SECTION 3: COUNTRY-SPECIFIC TERMS
Personal Data collected, stored, used and/or processed by the LiveWell Group, as described in the Agreement, is collected, stored, used and/or processed in compliance with the Australian Privacy Act 1988 (Commonwealth) and the Australian Privacy Principles. If You are dissatisfied with Our handling of a complaint or do not agree with the resolution proposed by Us, You may make a complaint to the Office of the Australian Information Commissioner (OAIC) by contacting the OAIC using the methods listed on their website. Alternatively, You may request that We pass on the details of Your complaint to the OAIC directly.
Personal Data collected, stored, used and/or processed by the LiveWell Group, as described in the Agreement, is collected, stored, used and/or processed in compliance with the Philippines “Data Privacy Act of 2012 [REPUBLIC ACT NO. 10173].
Personal Data collected, stored, used and/or processed by the LiveWell Group, as described in the Agreement, is collected, stored, used and/or processed in compliance with the LiveWell Group’s obligations under the Personal Data Protection Act 2012 of Singapore (“PDPA”).
Canada: Personal Data (as the term is defined in the Personal Information Protection and Electronic Documents Act of Canada (PIPEDA)) will be collected, stored, used and/or processed by the LiveWell Group in compliance with the LiveWell Group’s obligations under PIPEDA.

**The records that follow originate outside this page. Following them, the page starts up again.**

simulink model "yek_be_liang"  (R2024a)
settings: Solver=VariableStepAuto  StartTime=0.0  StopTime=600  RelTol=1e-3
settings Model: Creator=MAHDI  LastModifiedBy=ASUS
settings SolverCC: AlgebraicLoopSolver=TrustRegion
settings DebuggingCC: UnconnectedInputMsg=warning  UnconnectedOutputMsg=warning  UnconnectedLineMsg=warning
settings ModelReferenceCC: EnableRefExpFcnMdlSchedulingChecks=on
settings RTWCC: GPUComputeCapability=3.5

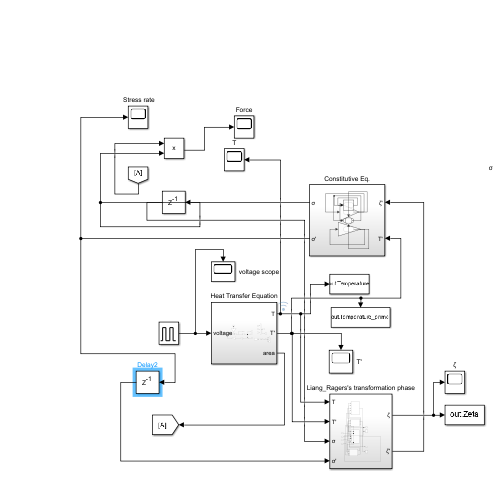
[thumbnail: Simulink's stored preview of the top-level diagram]
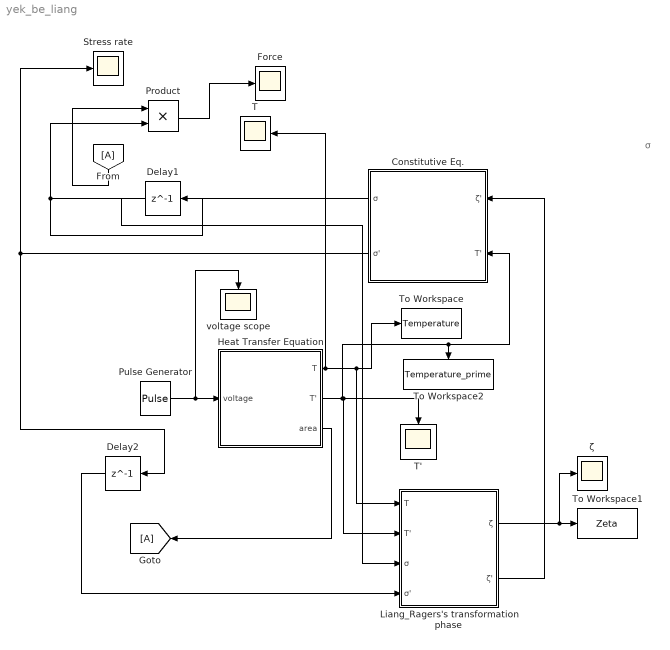
== system yek_be_liang ==
  note: σ
  " Stress rate" : Scope
  Constitutive Eq. : Subsystem
  Delay1 : Delay  DelayLength=1
  Delay2 : Delay  DelayLength=1
  Force : Scope
  From : From
  Goto : Goto
  Heat Transfer Equation : Subsystem
  Liang_Ragers's transformation phase : Subsystem
  Product : Product
  Pulse Generator : DiscretePulseGenerator  PulseType=Time based  Amplitude=50  Period=100  PulseWidth=50
  T : Scope
  T' : Scope
  To Workspace : ToWorkspace  VariableName=Temperature  SampleTime=1
  To Workspace1 : ToWorkspace  VariableName=Zeta  SampleTime=1
  To Workspace2 : ToWorkspace  VariableName=Temperature_prime  SampleTime=1
  voltage scope : Scope
  ζ : Scope
  wires:
  From/1 -> Product/1
  Delay1/1 -> Liang_Ragers's transformation phase/3(σ)
  Product/1 -> Force/1
  Constitutive Eq./2(σ') -> Delay2/1, " Stress rate"/1
  Pulse Generator/1 -> Heat Transfer Equation/1(voltage), voltage scope/1
  Delay2/1 -> Liang_Ragers's transformation phase/4("σ' ")
  Constitutive Eq./1(σ) -> Product/2, Delay1/1
  Heat Transfer Equation/1(T) -> Liang_Ragers's transformation phase/1(T), To Workspace/1, T/1
  Heat Transfer Equation/2(T') -> T'/1, Liang_Ragers's transformation phase/2(T'), Constitutive Eq./2(T'), To Workspace2/1
  Heat Transfer Equation/3(area) -> Goto/1
  Liang_Ragers's transformation phase/1(ζ) -> ζ/1, To Workspace1/1
  Liang_Ragers's transformation phase/2(ζ') -> Constitutive Eq./1(ζ')

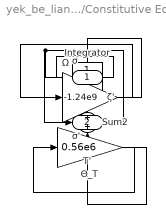
== system yek_be_liang/Constitutive Eq. ==
  ζ' : Inport
  T' : Inport  Port=2
  Integrator : Integrator
  Sum2 : Sum  Inputs=+|+
  Θ_T : Gain  Gain=0.56e6
  Ω : Gain  Gain=-1.24e9
  σ : Outport
  σ' : Outport  Port=2
  wires:
  T'/1 -> Θ_T/1
  ζ'/1 -> Ω/1
  Ω/1 -> Sum2/1
  Θ_T/1 -> Sum2/2
  Integrator/1 -> σ/1
  Sum2/1 -> Integrator/1, σ'/1

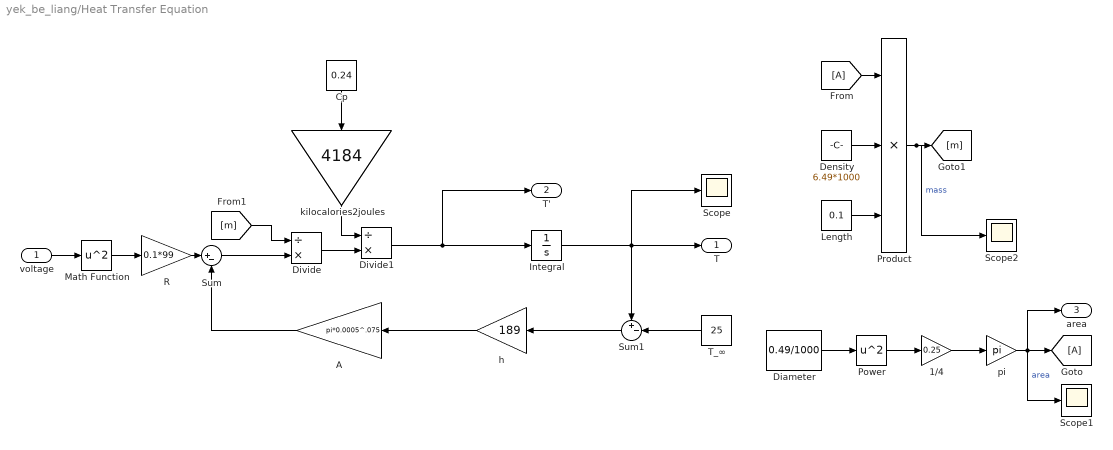
== system yek_be_liang/Heat Transfer Equation ==
  voltage : Inport
  1/4 : Gain  Gain=0.25
  A : Gain  Gain=pi*0.0005^.075
  Cp : Constant  Value=0.24
  Density : Constant  Value=6.49*1000
  Diameter : Constant  Value=0.49/1000
  Divide : Product  Inputs=/*
  Divide1 : Product  Inputs=/*
  From : From
  Goto : Goto
  Integral : Integrator  InitialCondition=25
  Length : Constant  Value=0.1
  Math Function : Math  Operator=square
  Power : Math  Operator=square
  Product : Product  Inputs=3
  R : Gain  Gain=0.1*99
  Scope : Scope
  Scope1 : Scope
  Scope2 : Scope
  Sum : Sum  Inputs=|+-
  Sum1 : Sum  Inputs=+-|
  T_∞ : Constant  Value=25
  h : Gain  Gain=189
  "kilocalories2joules " : Gain  Gain=4184
  pi : Gain  Gain=pi
  T : Outport
  T' : Outport  Port=2
  area : Outport  Port=3
  wires:
  T_∞/1 -> Sum1/2
  h/1 -> A/1
  Sum1/1 -> h/1
  Integral/1 -> Sum1/1, T/1, Scope/1
  R/1 -> Sum/1
  Math Function/1 -> R/1
  voltage/1 -> Math Function/1
  Product/1 -> Scope2/1, [m]  "mass"
  Sum/1 -> Divide/2
  Divide/1 -> Divide1/2
  Cp/1 -> "kilocalories2joules "/1
  "kilocalories2joules "/1 -> Divide1/1
  Divide1/1 -> T'/1, Integral/1
  Diameter/1 -> Power/1
  Power/1 -> 1/4/1
  1/4/1 -> pi/1
  Density/1 -> Product/2
  Length/1 -> Product/3
  pi/1 -> area/1, Scope1/1, Goto/1  "area"
  From/1 -> Product/1
  A/1 -> Sum/2
  [m] -> Divide/1

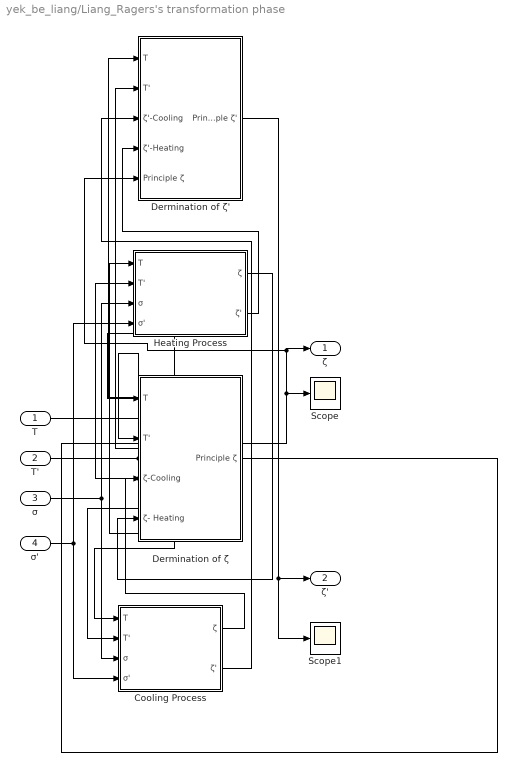
== system yek_be_liang/Liang_Ragers's transformation phase ==
  T : Inport
  T' : Inport  Port=2
  σ : Inport  Port=3
  "σ' " : Inport  Port=4
  Cooling Process : Subsystem
  Dermination of ζ : Subsystem
  Dermination of ζ' : Subsystem
  Heating Process : Subsystem
  Scope : Scope
  Scope1 : Scope
  ζ : Outport
  ζ' : Outport  Port=2
  wires:
  T/1 -> Dermination of ζ'/1(T), Dermination of ζ/1(T), Cooling Process/1(T), Heating Process/1(T)
  Dermination of ζ/1(Principle ζ) -> Dermination of ζ'/5(Principle ζ), ζ/1, Scope/1
  T'/1 -> Cooling Process/2(T'), Dermination of ζ'/2(T'), Heating Process/2(T'), Dermination of ζ/2(T')
  σ/1 -> Heating Process/3(σ), Cooling Process/3(σ)
  Cooling Process/2(ζ') -> Dermination of ζ'/3(ζ'-Cooling)
  Cooling Process/1(ζ) -> Dermination of ζ/3(ζ-Cooling)
  Heating Process/1(ζ) -> Dermination of ζ/4(ζ- Heating)
  Dermination of ζ'/1(Principle ζ') -> Scope1/1, ζ'/1
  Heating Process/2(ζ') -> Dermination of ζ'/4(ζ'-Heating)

SECTION 4: CONSULTING SERVICES
If Subscriber has engaged LiveWell for the provision of customized professional services beyond the basic professional services that are included in the Consulting Packages that may be ordered by You on an Order Form or subsequently orders online, the services will be provided in a professional manner in accordance with industry standards. Otherwise, the services shall be provided “as is” and We disclaim all warranties allowable under the law with respect to the delivery or efficacy of such services. In addition, no ownership of Intellectual Property will transfer to You as a result of our Consulting Packages. In the event that We provide customized professional services that fall outside of the Consulting Packages, “Customized Consulting Services”) as indicated on an Order Form, or other written document such as a Statement of Work, the provision of such Consulting Services will be governed a separate agreement governing the terms of Our professional services.